= Robert Charles Moon =

British ophthalmologist (1844–1914)

Robert Charles Moon (c. 1844-1914) was an ophthalmologist who practiced medicine in England and the United States. He was the son of William Moon (1818-1894), inventor of "Moon type", an embossed alphabet for the blind.

Robert Moon's career choice in ophthalmology was influenced by his experiences as a youth, helping his father in translating and transcribing reading matter for the visually handicapped. From 1866 to 1878 he practiced medicine at the South London Ophthalmic Hospital, a facility founded in 1857 by John Zachariah Laurence (1829-1870). Along with Dr. Laurence, the "Laurence–Moon syndrome" is named, a disease characterized by retinitis pigmentosa combined with several additional symptoms.

In 1879 Moon emigrated to the United States, where he settled into an ophthalmological practice in Philadelphia.
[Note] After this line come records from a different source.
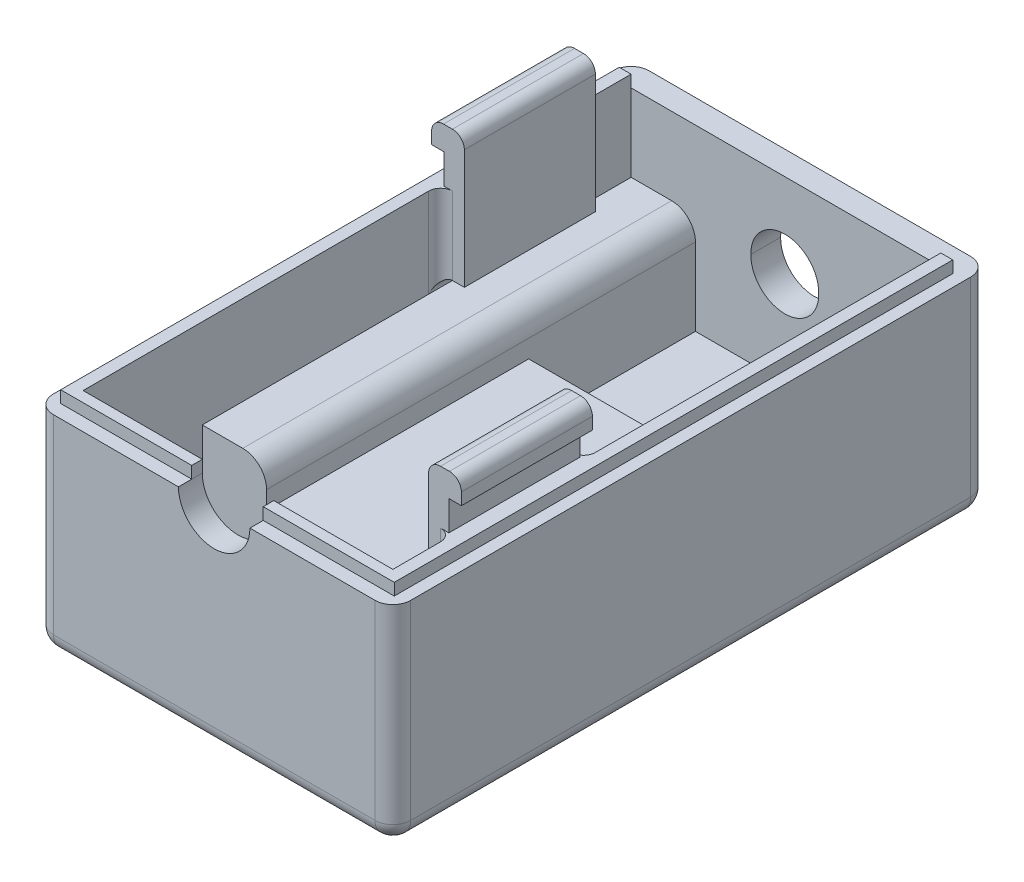
from build123d import *

# Parameters (mm, degrees)
BOSS_EXTRUDE1_DEPTH      = 17.5
CUT_EXTRUDE1_DEPTH       = 14
CUT_EXTRUDE2_DEPTH       = 54.247065647
SKETCH4_W                = 26
SKETCH4_H                = 8
CUT_EXTRUDE3_DEPTH       = 1
BOSS_EXTRUDE3_DEPTH      = 7.5
BOSS_EXTRUDE3_DEPTH_BACK = 1
SKETCH6_W                = 5.4
SKETCH6_H                = 36
FILLET2_R                = 2
FILLET5_R                = 1.5
SKETCH13_W               = 15.2
SKETCH13_H               = 28
BOSS_EXTRUDE7_DEPTH      = 4
SKETCH15_R               = 1
CUT_EXTRUDE8_DEPTH       = 6
CHAMFER5_SIZE            = 6
SKETCH16_W               = 11
SKETCH16_H               = 5.5
BOSS_EXTRUDE8_DEPTH      = 2
SKETCH17_W               = 11
SKETCH17_H               = 5.5
BOSS_EXTRUDE9_DEPTH      = 2
BOSS_EXTRUDE14_START     = -2
BOSS_EXTRUDE14_DEPTH     = 0.5
CHAMFER6_SIZE            = 0.5
BOSS_EXTRUDE15_DEPTH     = 0.5
CHAMFER7_SIZE            = 0.5
CUT_EXTRUDE9_REACH       = 59.483
BOSS_EXTRUDE16_DEPTH     = 1
FILLET7_R                = 1
SKETCH27_W               = 11
SKETCH27_H               = 2
BOSS_EXTRUDE17_DEPTH     = 0.75
SKETCH27_3_W             = 11
SKETCH27_3_H             = 2.5
CUT_EXTRUDE10_DEPTH      = 0.3
SKETCH29_W               = 11
SKETCH29_H               = 2
BOSS_EXTRUDE18_DEPTH     = 0.75
SKETCH29_4_W             = 11
SKETCH29_4_H             = 2.5
CUT_EXTRUDE11_DEPTH      = 0.3
FILLET8_R                = 1


# Some blends are built 0.0001 mm under size
with BuildPart() as part:
    # Sketch1 → Boss-Extrude1 (new body)
    with BuildSketch(Plane(origin=(0, 0, 0), x_dir=(1, 0, 0), z_dir=(0, 1, 0))):
        Polygon((-15, 20), (15, 20), (15, -20), (15, -30), (-15, -30), (-15, -20), align=None)
    extrude(amount=BOSS_EXTRUDE1_DEPTH)

    # Sketch2 → Cut-Extrude1 (cut)
    with BuildSketch(Plane(origin=(0, 17.5, 0), x_dir=(1, 0, 0), z_dir=(0, 1, 0))):
        Polygon((-13, 18), (13, 18), (13, -18), (13, -28), (-13, -28), (-13, -18), align=None)
    extrude(amount=-CUT_EXTRUDE1_DEPTH, mode=Mode.SUBTRACT)

    # Sketch3 → Cut-Extrude2 (cut, through all)
    with BuildSketch(Plane.XY.offset(-18)):
        with BuildLine():
            ThreePointArc((2.74956137, 10.425664385), (-0.1, 13.325664385), (-2.94956137, 10.425664385))
            ThreePointArc((-2.94956137, 10.425664385), (-0.1, 7.525664385), (2.74956137, 10.425664385))
        make_face()
    extrude(amount=-CUT_EXTRUDE2_DEPTH, mode=Mode.SUBTRACT)

    # Sketch4 → Cut-Extrude3 (cut)
    with BuildSketch(Plane(origin=(0, 3.5, 0), x_dir=(1, 0, 0), z_dir=(0, 1, 0))):
        with Locations((0, 14)):
            Rectangle(SKETCH4_W, SKETCH4_H)
    extrude(amount=-CUT_EXTRUDE3_DEPTH, mode=Mode.SUBTRACT)

    # Sketch6 → Boss-Extrude3 (add, two sides: drawn at the far end of the back side and taken through both)
    with BuildSketch(Plane(origin=(0, 3.5, 0), x_dir=(1, 0, 0), z_dir=(0, 1, 0)).offset(-BOSS_EXTRUDE3_DEPTH_BACK)):
        with Locations((-10.3, 0)):
            Rectangle(SKETCH6_W, SKETCH6_H)
        with Locations((10.3, 0)):
            Rectangle(SKETCH6_W, SKETCH6_H)
    extrude(amount=BOSS_EXTRUDE3_DEPTH + BOSS_EXTRUDE3_DEPTH_BACK)

    # Fillet2
    fillet2_edges = [part.edges().sort_by_distance(p)[0] for p in [
        (-7.6, 11, 0),
        (7.6, 11, 0),
    ]]
    fillet(fillet2_edges, radius=FILLET2_R)

    # Fillet5
    fillet5_edges = [part.edges().sort_by_distance(p)[0] for p in [
        (15, 8.75, 30),
        (-15, 8.75, 30),
        (-15, 8.75, -20),
        (15, 8.75, -20),
        (0, 0, 30),
        (-15, 0, 5),
        (0, 0, -20),
        (15, 0, 5),
    ]]
    fillet(fillet5_edges, radius=FILLET5_R)

    # Sketch13 → Boss-Extrude7 (add)
    with BuildSketch(Plane(origin=(0, 3.5, 0), x_dir=(1, 0, 0), z_dir=(0, 1, 0))):
        with Locations((0, -4)):
            Rectangle(SKETCH13_W, SKETCH13_H)
    extrude(amount=BOSS_EXTRUDE7_DEPTH)

    # Sketch15 → Cut-Extrude8 (cut)
    with BuildSketch(Plane(origin=(0, 7.5, 0), x_dir=(1, 0, 0), z_dir=(0, 1, 0))):
        with Locations(Location((0, -8.82, 0), (0, 0, 270))):
            Circle(SKETCH15_R)
    extrude(amount=-CUT_EXTRUDE8_DEPTH, mode=Mode.SUBTRACT)

    # Chamfer5
    # the kernel refuses this chamfer: 6 mm, written as the material it takes off along each edge
    with BuildSketch(Plane(origin=(-7.6, 7.5, -10), x_dir=(0, -0.9996219169112968, -0.02749587661058649), z_dir=(1, 0, 0))) as chamfer5_piece_1_section:
        Polygon((CHAMFER5_SIZE * 0.999621916911, -CHAMFER5_SIZE * 0.0274958766106), (-CHAMFER5_SIZE * 0.0274958766106, -CHAMFER5_SIZE * 0.999621916911), (0, 0), align=None)
    chamfer5_piece_1 = extrude(amount=15.2, mode=Mode.PRIVATE)
    chamfer5_piece_1 = split(chamfer5_piece_1, bisect_by=Plane(origin=(0, 2.5, -7.952380952), z_dir=(0, 1, 0)), keep=Keep.TOP, mode=Mode.PRIVATE)
    add(chamfer5_piece_1, mode=Mode.SUBTRACT)

    # Sketch16 → Boss-Extrude8 (add)
    with BuildSketch(Plane(origin=(-13, 0, 0), x_dir=(0, 0, -1), z_dir=(1, 0, 0))):
        Polygon((2, 17.5), (2, 14.5), (2, 12), (13, 12), (13, 14.5), (13, 17.5), align=None)
        with Locations((7.5, 20.25)):
            Rectangle(SKETCH16_W, SKETCH16_H)
    extrude(amount=BOSS_EXTRUDE8_DEPTH)

    # Sketch17 → Boss-Extrude9 (add)
    with BuildSketch(Plane.ZY.offset(-13)):
        with Locations((17.5, 20.25)):
            Rectangle(SKETCH17_W, SKETCH17_H)
        Polygon((12, 17.5), (12, 14.5), (12, 12), (23, 12), (23, 14.5), (23, 17.5), align=None)
    extrude(amount=BOSS_EXTRUDE9_DEPTH)

    # Sketch3<4> → Boss-Extrude14 (add)
    with BuildSketch(Plane.XY.offset(-18).offset(BOSS_EXTRUDE14_START)):
        Polygon((-4.129390667, 8.806636123), (-1.769028262, 6.446273719), (1.569028262, 6.446273719), (3.929390667, 8.806636123), (3.929390667, 12.144692648), (1.569028262, 14.505055052), (-1.769028262, 14.505055052), (-4.129390667, 12.144692648), align=None)
        with BuildLine():
            ThreePointArc((-2.94956137, 10.425664385), (-0.1, 7.525664385), (2.74956137, 10.425664385))
            ThreePointArc((2.74956137, 10.425664385), (-0.1, 13.325664385), (-2.94956137, 10.425664385))
        make_face(mode=Mode.SUBTRACT)
    extrude(amount=-BOSS_EXTRUDE14_DEPTH)

    # Chamfer6
    chamfer6_edges = [part.edges().sort_by_distance(p)[0] for p in [
        (2.749209465, 13.32487385, -20.5),
        (3.929390667, 10.475664385, -20.5),
        (2.749209465, 7.626454921, -20.5),
        (-0.1, 6.446273719, -20.5),
        (-2.949209465, 7.626454921, -20.5),
        (-4.129390667, 10.475664385, -20.5),
        (-2.949209465, 13.32487385, -20.5),
        (-0.1, 14.505055052, -20.5),
    ]]
    chamfer(chamfer6_edges, length=CHAMFER6_SIZE - 0.0001)  # a hair under: the kernel refuses the full size

    # Sketch23 → Boss-Extrude15 (add)
    with BuildSketch(Plane.XZ):
        Polygon((-12, 17), (-12, -17), (12, -17), (12, 17), (12, 27), (-12, 27), align=None)
    extrude(amount=BOSS_EXTRUDE15_DEPTH)

    # Chamfer7
    chamfer7_edges = [part.edges().sort_by_distance(p)[0] for p in [
        (12, -0.5, 5),
        (-12, -0.5, 5),
        (0, -0.5, -17),
        (0, -0.5, 27),
    ]]
    chamfer(chamfer7_edges, length=CHAMFER7_SIZE - 0.0001)  # a hair under: the kernel refuses the full size

    # Sketch24 → Cut-Extrude9 (cut, up to next)
    with BuildSketch(Plane.XY.offset(30), mode=Mode.PRIVATE) as cut_extrude9_sk1:
        with BuildLine():
            Line((-3, 17.5), (3, 17.5))
            ThreePointArc((3, 17.5), (0, 14.5), (-3, 17.5))
        make_face()
    cut_extrude9_tool1 = extrude(cut_extrude9_sk1.sketch, amount=-CUT_EXTRUDE9_REACH, mode=Mode.PRIVATE) & part.part
    add(cut_extrude9_tool1.solids().sort_by_distance((0, 16.22676, 30))[0], mode=Mode.SUBTRACT)

    # Sketch26 → Boss-Extrude16 (add)
    with BuildSketch(Plane(origin=(0, 17.5, 0), x_dir=(1, 0, 0), z_dir=(0, 1, 0))):
        Polygon((-13, 13), (-13, 18), (-14, 18), (-14, -19.115845085), (-14, -28.884154915), (-3, -28.884154915), (-3, -28), (-13, -28), (-13, 2), align=None)
        Polygon((3, -28), (13, -28), (13, 18), (14, 18), (14, -28.884154915), (3, -28.884154915), align=None)
    extrude(amount=BOSS_EXTRUDE16_DEPTH)

    # Fillet7
    fillet7_edges = [part.edges().sort_by_distance(p)[0] for p in [
        (-13, 15.25, -13),
        (-13, 15.25, -2),
        (-13, 12, -7.5),
        (13, 15.25, 12),
        (13, 12, 17.5),
        (13, 15.25, 23),
        (0, 3.5, 18),
    ]]
    fillet(fillet7_edges, radius=FILLET7_R - 0.0001)  # a hair under: the kernel refuses the full size

    # Sketch27 → Boss-Extrude17 (add)
    with BuildSketch(Plane.ZY.offset(13)):
        with Locations((-7.5, 22)):
            Rectangle(SKETCH27_W, SKETCH27_H)
    extrude(amount=BOSS_EXTRUDE17_DEPTH)

    # Sketch27<3> → Cut-Extrude10 (cut)
    with BuildSketch(Plane.ZY.offset(13)):
        with Locations((-7.5, 19.75)):
            Rectangle(SKETCH27_3_W, SKETCH27_3_H)
    extrude(amount=-CUT_EXTRUDE10_DEPTH, mode=Mode.SUBTRACT)

    # Sketch29 → Boss-Extrude18 (add)
    with BuildSketch(Plane(origin=(13, 0, 0), x_dir=(0, 0, -1), z_dir=(1, 0, 0))):
        with Locations((-17.5, 22)):
            Rectangle(SKETCH29_W, SKETCH29_H)
    extrude(amount=BOSS_EXTRUDE18_DEPTH)

    # Sketch29<4> → Cut-Extrude11 (cut)
    with BuildSketch(Plane(origin=(13, 0, 0), x_dir=(0, 0, -1), z_dir=(1, 0, 0))):
        with Locations((-17.5, 19.75)):
            Rectangle(SKETCH29_4_W, SKETCH29_4_H)
    extrude(amount=-CUT_EXTRUDE11_DEPTH, mode=Mode.SUBTRACT)

    # Fillet8
    fillet8_edges = [part.edges().sort_by_distance(p)[0] for p in [
        (-11, 23, -7.5),
        (11, 23, 17.5),
        (-13.75, 23, -7.5),
        (13.75, 23, 17.5),
    ]]
    fillet(fillet8_edges, radius=FILLET8_R)


solid = part.part

Following retirement, he became involved in a number of philanthropic activities for the blind. In 1905 he became editor of the monthly "Moon Magazine", published by Gardner's Trust for the Blind. Also, he served as secretary for the Philadelphia Home Teaching Society.

Moon is interred at West Laurel Hill Cemetery, Providence Section, Lot 622, Bala Cynwyd, Pennsylvania.